A full set of ribs cracked and imploded beneath the force of Remo's elbow. With a rattle of air, the warrior fell. Remo looked around. To his left, Chiun stood among the dead, his stance calm and ready. Around Remo lay the corpses, most of them with black dots on their foreheads. The remaining Olmec were in retreat, already disappearing into the thick jungle brush beyond the city walls.

In the palace entrance, Po held the weeping Nata-Ah in his thin arms.

"You two all right?" Remo asked.

Po nodded. "But Dr. Lizzie..."

Remo sighed. "What'd she do now?"

"They took her," the boy said. "She tried to guard the temple, but she was not strong enough to fight against the soldiers. They took her away with them."

Remo looked to the vast darkness of the jungle, feeling guilty about a certain relief he was experiencing. Lizzie had been nothing but trouble for them all since the beginning. Perhaps, now that she was gone, it would be possible to forget about her....

"Leave her." It was Chiun. He seemed to read Remo's secret thoughts. "The woman is an unbearable harpy with no manners and no gratitude. You will risk your life for nothing."

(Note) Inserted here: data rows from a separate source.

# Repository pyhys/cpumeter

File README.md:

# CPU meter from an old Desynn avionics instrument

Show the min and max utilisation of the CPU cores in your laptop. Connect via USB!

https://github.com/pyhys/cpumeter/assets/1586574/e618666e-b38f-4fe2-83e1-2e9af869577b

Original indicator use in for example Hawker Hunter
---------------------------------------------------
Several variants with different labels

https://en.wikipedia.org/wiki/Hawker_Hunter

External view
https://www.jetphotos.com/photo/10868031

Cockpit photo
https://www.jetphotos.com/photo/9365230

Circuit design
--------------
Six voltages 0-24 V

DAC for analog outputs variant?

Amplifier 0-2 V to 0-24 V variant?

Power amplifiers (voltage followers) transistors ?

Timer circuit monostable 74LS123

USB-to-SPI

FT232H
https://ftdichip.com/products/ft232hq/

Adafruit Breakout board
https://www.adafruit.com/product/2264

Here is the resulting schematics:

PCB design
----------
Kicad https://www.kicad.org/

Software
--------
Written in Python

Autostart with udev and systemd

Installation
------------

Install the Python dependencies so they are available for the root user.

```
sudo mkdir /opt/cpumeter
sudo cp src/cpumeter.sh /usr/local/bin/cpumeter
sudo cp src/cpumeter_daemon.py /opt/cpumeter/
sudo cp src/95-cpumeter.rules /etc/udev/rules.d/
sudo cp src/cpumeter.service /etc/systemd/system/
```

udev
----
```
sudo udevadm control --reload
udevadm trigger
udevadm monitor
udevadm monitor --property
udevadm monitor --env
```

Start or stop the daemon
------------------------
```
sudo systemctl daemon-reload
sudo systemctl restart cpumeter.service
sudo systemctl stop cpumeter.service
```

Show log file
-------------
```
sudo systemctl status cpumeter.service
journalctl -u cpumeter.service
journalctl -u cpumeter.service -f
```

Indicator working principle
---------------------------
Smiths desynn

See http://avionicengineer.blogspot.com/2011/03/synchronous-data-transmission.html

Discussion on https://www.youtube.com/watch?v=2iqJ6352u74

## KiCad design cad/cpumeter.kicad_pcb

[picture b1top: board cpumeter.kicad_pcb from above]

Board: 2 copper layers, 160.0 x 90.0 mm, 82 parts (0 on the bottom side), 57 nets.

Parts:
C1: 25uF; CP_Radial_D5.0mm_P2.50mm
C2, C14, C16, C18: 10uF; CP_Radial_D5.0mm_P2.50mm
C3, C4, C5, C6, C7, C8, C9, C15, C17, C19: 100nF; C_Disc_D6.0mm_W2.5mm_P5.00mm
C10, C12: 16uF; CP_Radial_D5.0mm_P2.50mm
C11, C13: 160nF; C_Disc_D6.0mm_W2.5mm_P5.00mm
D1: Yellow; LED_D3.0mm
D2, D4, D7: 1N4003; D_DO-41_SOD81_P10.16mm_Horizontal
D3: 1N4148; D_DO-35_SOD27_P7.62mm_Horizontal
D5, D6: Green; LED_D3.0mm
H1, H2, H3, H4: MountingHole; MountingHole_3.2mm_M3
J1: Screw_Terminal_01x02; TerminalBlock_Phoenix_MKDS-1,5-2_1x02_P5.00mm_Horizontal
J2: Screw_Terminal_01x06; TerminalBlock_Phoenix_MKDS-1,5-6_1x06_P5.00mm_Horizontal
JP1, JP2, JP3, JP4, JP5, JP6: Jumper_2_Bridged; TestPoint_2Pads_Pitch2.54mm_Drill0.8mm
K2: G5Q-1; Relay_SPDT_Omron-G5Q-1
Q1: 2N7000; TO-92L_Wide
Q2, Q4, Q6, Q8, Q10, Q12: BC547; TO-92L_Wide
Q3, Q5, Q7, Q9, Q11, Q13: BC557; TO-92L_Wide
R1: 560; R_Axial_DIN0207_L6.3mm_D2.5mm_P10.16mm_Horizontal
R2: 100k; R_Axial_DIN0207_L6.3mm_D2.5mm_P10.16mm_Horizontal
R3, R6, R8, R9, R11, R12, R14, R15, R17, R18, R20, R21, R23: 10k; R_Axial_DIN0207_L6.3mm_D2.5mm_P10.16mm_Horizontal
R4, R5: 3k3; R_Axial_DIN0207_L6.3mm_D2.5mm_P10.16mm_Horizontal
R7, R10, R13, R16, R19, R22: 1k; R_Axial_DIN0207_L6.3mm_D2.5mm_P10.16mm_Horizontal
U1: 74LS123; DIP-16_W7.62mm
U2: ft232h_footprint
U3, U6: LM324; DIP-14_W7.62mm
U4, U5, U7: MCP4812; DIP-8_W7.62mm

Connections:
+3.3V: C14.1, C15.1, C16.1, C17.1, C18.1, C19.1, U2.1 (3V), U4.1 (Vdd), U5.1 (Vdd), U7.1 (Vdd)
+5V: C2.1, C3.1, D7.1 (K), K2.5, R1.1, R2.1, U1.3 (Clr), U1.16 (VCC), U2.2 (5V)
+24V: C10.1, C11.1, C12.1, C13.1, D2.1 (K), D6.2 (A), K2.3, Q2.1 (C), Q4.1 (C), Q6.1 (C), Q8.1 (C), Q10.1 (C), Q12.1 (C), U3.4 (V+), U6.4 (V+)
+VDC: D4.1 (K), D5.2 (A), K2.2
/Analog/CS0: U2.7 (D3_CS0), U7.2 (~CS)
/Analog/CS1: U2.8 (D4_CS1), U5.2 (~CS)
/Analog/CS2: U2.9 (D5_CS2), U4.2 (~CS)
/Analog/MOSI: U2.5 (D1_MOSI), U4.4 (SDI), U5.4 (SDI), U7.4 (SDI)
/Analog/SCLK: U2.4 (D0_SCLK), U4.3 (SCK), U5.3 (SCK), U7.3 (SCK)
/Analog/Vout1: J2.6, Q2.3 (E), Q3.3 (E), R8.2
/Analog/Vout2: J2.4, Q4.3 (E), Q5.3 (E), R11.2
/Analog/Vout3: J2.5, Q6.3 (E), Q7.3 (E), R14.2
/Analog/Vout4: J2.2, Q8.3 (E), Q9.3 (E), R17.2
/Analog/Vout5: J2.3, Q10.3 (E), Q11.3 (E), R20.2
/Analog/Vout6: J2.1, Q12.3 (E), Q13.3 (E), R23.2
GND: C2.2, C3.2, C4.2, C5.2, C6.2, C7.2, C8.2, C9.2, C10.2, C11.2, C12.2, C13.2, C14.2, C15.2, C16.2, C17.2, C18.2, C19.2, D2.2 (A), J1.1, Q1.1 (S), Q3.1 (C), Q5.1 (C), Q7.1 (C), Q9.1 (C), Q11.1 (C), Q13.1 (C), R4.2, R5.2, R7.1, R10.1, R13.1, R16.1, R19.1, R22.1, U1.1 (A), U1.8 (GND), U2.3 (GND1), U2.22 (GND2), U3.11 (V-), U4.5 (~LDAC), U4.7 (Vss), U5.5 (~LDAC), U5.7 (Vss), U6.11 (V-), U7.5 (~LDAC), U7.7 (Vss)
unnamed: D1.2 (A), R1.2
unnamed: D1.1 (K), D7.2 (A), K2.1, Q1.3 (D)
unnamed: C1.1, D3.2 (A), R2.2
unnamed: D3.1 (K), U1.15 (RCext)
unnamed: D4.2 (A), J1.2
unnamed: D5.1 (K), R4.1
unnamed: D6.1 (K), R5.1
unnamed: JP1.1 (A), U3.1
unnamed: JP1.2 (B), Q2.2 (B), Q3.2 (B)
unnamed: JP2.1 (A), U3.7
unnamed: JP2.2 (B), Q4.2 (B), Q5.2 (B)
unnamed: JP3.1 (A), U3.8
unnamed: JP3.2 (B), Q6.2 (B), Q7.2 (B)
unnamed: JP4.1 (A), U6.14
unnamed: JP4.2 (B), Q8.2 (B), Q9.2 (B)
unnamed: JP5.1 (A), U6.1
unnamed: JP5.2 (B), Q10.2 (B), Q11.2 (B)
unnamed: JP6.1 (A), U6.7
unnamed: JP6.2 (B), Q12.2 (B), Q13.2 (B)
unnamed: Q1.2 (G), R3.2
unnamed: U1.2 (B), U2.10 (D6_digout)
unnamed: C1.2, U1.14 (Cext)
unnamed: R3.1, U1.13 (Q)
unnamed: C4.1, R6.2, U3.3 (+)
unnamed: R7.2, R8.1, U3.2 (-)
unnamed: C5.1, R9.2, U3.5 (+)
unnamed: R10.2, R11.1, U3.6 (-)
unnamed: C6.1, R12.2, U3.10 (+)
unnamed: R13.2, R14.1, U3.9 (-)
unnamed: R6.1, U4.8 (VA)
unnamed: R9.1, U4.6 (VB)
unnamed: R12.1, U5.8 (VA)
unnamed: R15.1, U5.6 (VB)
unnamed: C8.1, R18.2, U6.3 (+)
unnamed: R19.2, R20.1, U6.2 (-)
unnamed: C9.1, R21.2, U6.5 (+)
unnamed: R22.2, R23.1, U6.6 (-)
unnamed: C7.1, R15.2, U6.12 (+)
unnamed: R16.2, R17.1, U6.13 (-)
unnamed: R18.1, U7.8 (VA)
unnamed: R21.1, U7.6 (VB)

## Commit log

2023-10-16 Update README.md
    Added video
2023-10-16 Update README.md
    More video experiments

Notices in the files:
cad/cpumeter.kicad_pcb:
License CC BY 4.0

Remo thought for a moment. "Yeah, you're right," he agreed, walking away from the palace.

"Where are you going?"

"To get her," Remo said resignedly.

"Why?" Chiun's voice was stern. "You are needed here. Who cares about her?"

Remo turned around. "Nobody," he said. "That's why I'm going."

?Chapter Thirteen

The trail leading from the city was easy to follow. The rush of departing Olmec had worn the jungle undergrowth to a well-traveled footpath. It wound past Bocatan to a marsh, where the muddy, ankle-deep water still churned with the recent agitation of dozens of feet.